## Outline of Key Results in Chapter V of Algebra (Kasir translation)

1. Between two given lines it is required to find two other lines such that all four will form a continuous proportion.
• Kasir's Notes:
• AB : x = x : y = y : BC
•  In the parabola BDE,  HD^2 = BT^2 = BH * BC,  Hence  BC : BT = BT :HT.
• In the parabola BDZ,  DT^2 = HB^2 = BA * BT,  Hence  BT : HB = HB :BA.
• Consequently,  BC:BT = BT : HB = HB : BA  or AB: BH = BH : BT =  BT: BC.

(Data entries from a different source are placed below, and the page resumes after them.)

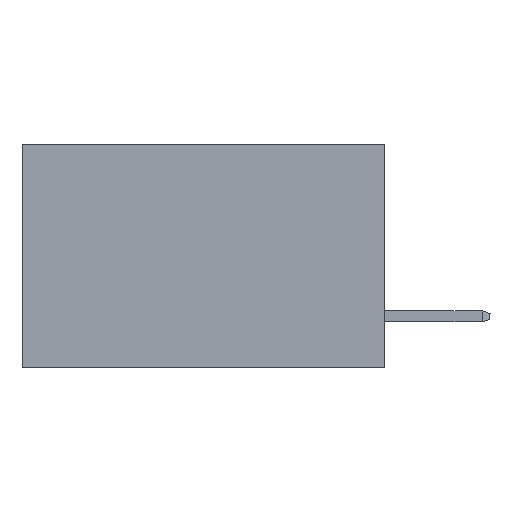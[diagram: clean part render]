
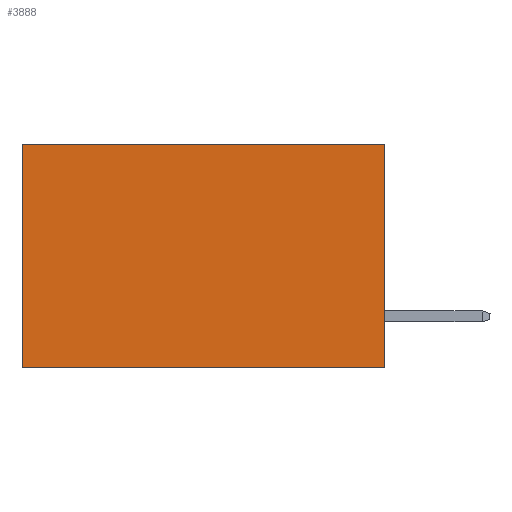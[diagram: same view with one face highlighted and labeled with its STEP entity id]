
A CAD part, left-side view. The second image highlights one B-rep face of the part: STEP entity #3888.
In plain terms, the highlighted planar face has unit normal (-1, 0, 0).
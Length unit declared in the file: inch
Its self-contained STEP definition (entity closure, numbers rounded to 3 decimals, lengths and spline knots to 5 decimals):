
#388 = ORIENTED_EDGE ( 'NONE', *, *, #7087, .T. ) ;
#898 = EDGE_CURVE ( 'NONE', #6635, #10517, #7791, .T. ) ;
#937 = VECTOR ( 'NONE', #7945, 39.37008 ) ;
#1469 = VERTEX_POINT ( 'NONE', #3269 ) ;
#1906 = VECTOR ( 'NONE', #7613, 39.37008 ) ;
#2018 = ORIENTED_EDGE ( 'NONE', *, *, #13019, .T. ) ;
#2740 = LINE ( 'NONE', #11168, #7398 ) ;
#3269 = CARTESIAN_POINT ( 'NONE',  ( 0.2615, 0.6, 0. ) ) ;
#3592 = DIRECTION ( 'NONE',  ( 0., 1., 0. ) ) ;
#3669 = CARTESIAN_POINT ( 'NONE',  ( 0.2615, 0., -0.37 ) ) ;
#3888 = ADVANCED_FACE ( 'NONE', ( #10519 ), #6100, .F. ) ;
#3978 = DIRECTION ( 'NONE',  ( 0., 0., -1. ) ) ;
#4115 = CARTESIAN_POINT ( 'NONE',  ( 0.2615, 0.6, -0.37 ) ) ;
#6100 = PLANE ( 'NONE',  #7857 ) ;
#6214 = ORIENTED_EDGE ( 'NONE', *, *, #12377, .F. ) ;
#6635 = VERTEX_POINT ( 'NONE', #10667 ) ;
#6707 = ORIENTED_EDGE ( 'NONE', *, *, #898, .F. ) ;
#7087 = EDGE_CURVE ( 'NONE', #1469, #13515, #13820, .T. ) ;
#7398 = VECTOR ( 'NONE', #3592, 39.37008 ) ;
#7406 = CARTESIAN_POINT ( 'NONE',  ( 0.2615, 0., -0.37 ) ) ;
#7547 = CARTESIAN_POINT ( 'NONE',  ( 0.2615, 0., -0.37 ) ) ;
#7613 = DIRECTION ( 'NONE',  ( 0., 0., -1. ) ) ;
#7791 = LINE ( 'NONE', #3669, #937 ) ;
#7857 = AXIS2_PLACEMENT_3D ( 'NONE', #10395, #12504, #3978 ) ;
#7945 = DIRECTION ( 'NONE',  ( 0., 0., -1. ) ) ;
#8088 = EDGE_LOOP ( 'NONE', ( #388, #6214, #6707, #2018 ) ) ;
#8616 = DIRECTION ( 'NONE',  ( 0., 1., 0. ) ) ;
#10395 = CARTESIAN_POINT ( 'NONE',  ( 0.2615, 0., -0.37 ) ) ;
#10517 = VERTEX_POINT ( 'NONE', #7547 ) ;
#10519 = FACE_OUTER_BOUND ( 'NONE', #8088, .T. ) ;
#10667 = CARTESIAN_POINT ( 'NONE',  ( 0.2615, 0., 0. ) ) ;
#10776 = LINE ( 'NONE', #7406, #13035 ) ;
#11168 = CARTESIAN_POINT ( 'NONE',  ( 0.2615, 0., 0. ) ) ;
#12377 = EDGE_CURVE ( 'NONE', #10517, #13515, #10776, .T. ) ;
#12491 = CARTESIAN_POINT ( 'NONE',  ( 0.2615, 0.6, -0.37 ) ) ;
#12504 = DIRECTION ( 'NONE',  ( 1., 0., 0. ) ) ;
#13019 = EDGE_CURVE ( 'NONE', #6635, #1469, #2740, .T. ) ;
#13035 = VECTOR ( 'NONE', #8616, 39.37008 ) ;
#13515 = VERTEX_POINT ( 'NONE', #12491 ) ;
#13820 = LINE ( 'NONE', #4115, #1906 ) ;
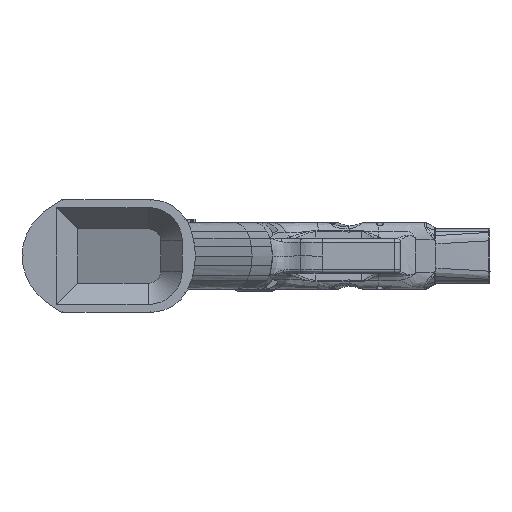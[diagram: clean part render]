
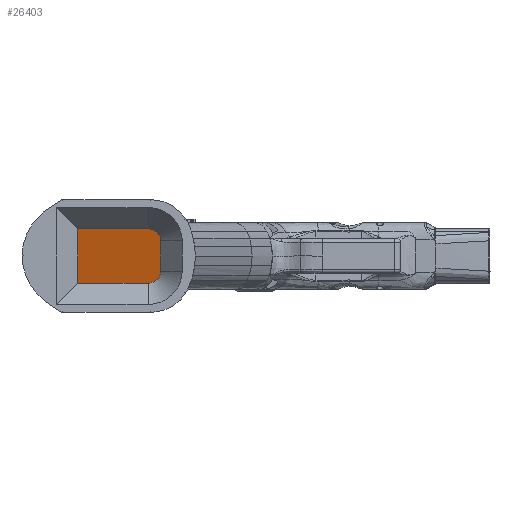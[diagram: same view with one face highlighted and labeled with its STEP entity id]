
A CAD part, front view. The second image highlights one B-rep face of the part: STEP entity #26403.
In plain terms, the highlighted planar face has unit normal (0.951, -0.309, 0).
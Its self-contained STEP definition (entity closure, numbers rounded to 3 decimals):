
#521 = LINE ( 'NONE', #54018, #38933 ) ;
#1127 = DIRECTION ( 'NONE',  ( 0.309, 0.951, 0. ) ) ;
#1316 = DIRECTION ( 'NONE',  ( 0., 0., -1. ) ) ;
#2302 = EDGE_CURVE ( 'NONE', #21067, #41902, #521, .T. ) ;
#7913 = ORIENTED_EDGE ( 'NONE', *, *, #17899, .F. ) ;
#8823 = CARTESIAN_POINT ( 'NONE',  ( 32.169, -5.875, -10.375 ) ) ;
#9557 = CARTESIAN_POINT ( 'NONE',  ( 32.169, -5.875, -11.75 ) ) ;
#11938 = EDGE_CURVE ( 'NONE', #46708, #41902, #24985, .T. ) ;
#12082 = PLANE ( 'NONE',  #53460 ) ;
#12268 = DIRECTION ( 'NONE',  ( 0., 0., -1. ) ) ;
#13911 = EDGE_CURVE ( 'NONE', #22887, #51749, #27758, .T. ) ;
#14786 = DIRECTION ( 'NONE',  ( -0.309, -0.951, 0. ) ) ;
#15726 = CARTESIAN_POINT ( 'NONE',  ( 33.591, -1.5, -10.375 ) ) ;
#16904 = DIRECTION ( 'NONE',  ( -0.951, 0.309, 0. ) ) ;
#17546 = DIRECTION ( 'NONE',  ( -0.309, -0.951, 0. ) ) ;
#17720 = LINE ( 'NONE', #28021, #28480 ) ;
#17899 = EDGE_CURVE ( 'NONE', #51749, #46708, #17720, .T. ) ;
#18981 = CARTESIAN_POINT ( 'NONE',  ( 2.312, -97.765, -10.375 ) ) ;
#19938 = LINE ( 'NONE', #18981, #23463 ) ;
#20159 = LINE ( 'NONE', #9557, #30326 ) ;
#21014 = EDGE_CURVE ( 'NONE', #21067, #54173, #19938, .T. ) ;
#21067 = VERTEX_POINT ( 'NONE', #15726 ) ;
#21412 = ORIENTED_EDGE ( 'NONE', *, *, #21014, .F. ) ;
#22887 = VERTEX_POINT ( 'NONE', #42420 ) ;
#22912 = CARTESIAN_POINT ( 'NONE',  ( 2.312, -97.765, 11.75 ) ) ;
#23463 = VECTOR ( 'NONE', #14786, 1000. ) ;
#24864 = LINE ( 'NONE', #40627, #25995 ) ;
#24985 = LINE ( 'NONE', #39496, #57665 ) ;
#25995 = VECTOR ( 'NONE', #1316, 1000. ) ;
#26403 = ADVANCED_FACE ( 'NONE', ( #32681 ), #12082, .F. ) ;
#27758 = LINE ( 'NONE', #22912, #47685 ) ;
#28021 = CARTESIAN_POINT ( 'NONE',  ( 30.049, -12.4, -11.75 ) ) ;
#28480 = VECTOR ( 'NONE', #12268, 1000. ) ;
#29842 = DIRECTION ( 'NONE',  ( 0., 0., 1. ) ) ;
#30326 = VECTOR ( 'NONE', #34340, 1000. ) ;
#31320 = ORIENTED_EDGE ( 'NONE', *, *, #11938, .F. ) ;
#32681 = FACE_OUTER_BOUND ( 'NONE', #39479, .T. ) ;
#33060 = LINE ( 'NONE', #63033, #51950 ) ;
#33480 = CARTESIAN_POINT ( 'NONE',  ( -22.8, -175.052, -11.75 ) ) ;
#34340 = DIRECTION ( 'NONE',  ( -0.309, -0.951, 0. ) ) ;
#35006 = ORIENTED_EDGE ( 'NONE', *, *, #55087, .F. ) ;
#36125 = CARTESIAN_POINT ( 'NONE',  ( 30.049, -12.4, 11.75 ) ) ;
#37455 = ORIENTED_EDGE ( 'NONE', *, *, #59693, .F. ) ;
#38933 = VECTOR ( 'NONE', #29842, 1000. ) ;
#39479 = EDGE_LOOP ( 'NONE', ( #47185, #55231, #35006, #37455, #21412, #51194, #31320, #7913 ) ) ;
#39496 = CARTESIAN_POINT ( 'NONE',  ( 2.312, -97.765, 4.75 ) ) ;
#40243 = VERTEX_POINT ( 'NONE', #33480 ) ;
#40609 = CARTESIAN_POINT ( 'NONE',  ( 32.169, -5.875, -11.75 ) ) ;
#40627 = CARTESIAN_POINT ( 'NONE',  ( -22.8, -175.052, -11.75 ) ) ;
#41902 = VERTEX_POINT ( 'NONE', #50090 ) ;
#42420 = CARTESIAN_POINT ( 'NONE',  ( -22.8, -175.052, 11.75 ) ) ;
#46245 = CARTESIAN_POINT ( 'NONE',  ( 2.312, -97.765, -11.75 ) ) ;
#46708 = VERTEX_POINT ( 'NONE', #51473 ) ;
#47185 = ORIENTED_EDGE ( 'NONE', *, *, #13911, .F. ) ;
#47685 = VECTOR ( 'NONE', #47730, 1000. ) ;
#47730 = DIRECTION ( 'NONE',  ( 0.309, 0.951, 0. ) ) ;
#48212 = DIRECTION ( 'NONE',  ( 0., 0., -1. ) ) ;
#49497 = EDGE_CURVE ( 'NONE', #22887, #40243, #24864, .T. ) ;
#50090 = CARTESIAN_POINT ( 'NONE',  ( 33.591, -1.5, 4.75 ) ) ;
#51194 = ORIENTED_EDGE ( 'NONE', *, *, #2302, .T. ) ;
#51473 = CARTESIAN_POINT ( 'NONE',  ( 30.049, -12.4, 4.75 ) ) ;
#51749 = VERTEX_POINT ( 'NONE', #36125 ) ;
#51950 = VECTOR ( 'NONE', #48212, 1000. ) ;
#53460 = AXIS2_PLACEMENT_3D ( 'NONE', #46245, #16904, #17546 ) ;
#54018 = CARTESIAN_POINT ( 'NONE',  ( 33.591, -1.5, 0. ) ) ;
#54173 = VERTEX_POINT ( 'NONE', #8823 ) ;
#55087 = EDGE_CURVE ( 'NONE', #55342, #40243, #20159, .T. ) ;
#55231 = ORIENTED_EDGE ( 'NONE', *, *, #49497, .T. ) ;
#55342 = VERTEX_POINT ( 'NONE', #40609 ) ;
#57665 = VECTOR ( 'NONE', #1127, 1000. ) ;
#59693 = EDGE_CURVE ( 'NONE', #54173, #55342, #33060, .T. ) ;
#63033 = CARTESIAN_POINT ( 'NONE',  ( 32.169, -5.875, -11.75 ) ) ;

2. Given the rectangular parallepiped ABCDE, whose base is the square AD, and the square MH, construct on MH a rectangular parallelpiped equal to ABCDE.

3. Given the solid ABCD whose base AC is a square, it is required to construct a solid whose base is a square, whose height  is equivalent to a given line ET, and which  is equal to the solid ABCD.

4. After these preliminary proofs we shall be able to give the solution of the third species of the simple equations, a cube is equal to a number.

## Eves*: Solution of the cubic equation :x^3 + b^2x + a^3 = cx^2.

"First of all, by the basic construction, find the segment z such that b:a = a : z.  Then, again by the basic construction, find line segment m such that b:z=a:m. we easily find that  m = a^3/b^2. Now,...,
construct AB = m =
= a^3/b^2 and BC = c. Draw a semicircle on AC as diameter  and let the perpendicular to AC at B cut it in D. On BD mark off BE = b and through E draw EF parallel to AC.
By the basic construction, find G on BC such that ED:BE=AB:BG and complete the rectangle DBGH. Through H draw thwe rectangular hyperbola having EF and ED for asymptotes (that is, the hyperbola through H whose equation with respect to EF and ED as x and  y axes is of the form  xy = a constant). Let the hyperbola cut the semicircle  in J , and let the parallel to DE through J cut EF in K and BC in L. Let GH cut EF in M.  Now:
1. Since J and H are on the Hyperbola,
(EK)(KJ) = (EM)(MH).
2. Since ED:BE = AB:BG, we have
(BG)(ED) = (BE)(AB).
3. Therefore, from (1) and (2),
(EK)(KJ) = (EM)(MH) = (BG)(ED) = (BE)(AB).
4. Now (BL)(LJ) = (EK)(BE + KJ)= (EK)(BE) + (EK)(KJ) = (EK)(BE) + (AB)(BE) ( by [3]) = (BE)(EK + AB)=(BE) (AL),
whence, (BL)^2 (LJ)^2 = (BE)^2(AL)^2
5. But, from elementary geometry,
(LJ)^2 = (AL)(LC)
6. Therefore, from (4) and (5), (BE)^2(AL)= (BL)^2(LC), or
(BE)^2(BL + AB) = (BL)^2(BC-BL).
7. Setting BE= b, AB =  a^3/b^2, BC = c in (6), we obtain b^2(BL + a^3/b^2) = (BL)^2(c - BL).
8. Expanding the last equation in (7), and arranging terms, we find

(BL)^3 + b^2(BL) + a^3 = c (BL)^2, and it follows that BL= x, a root of the given equation."
Eves, Howard. "Omar Khayyam's Solution of Cubic Equations", Mathematics Teacher 51 (Apr., 1958): 285-86.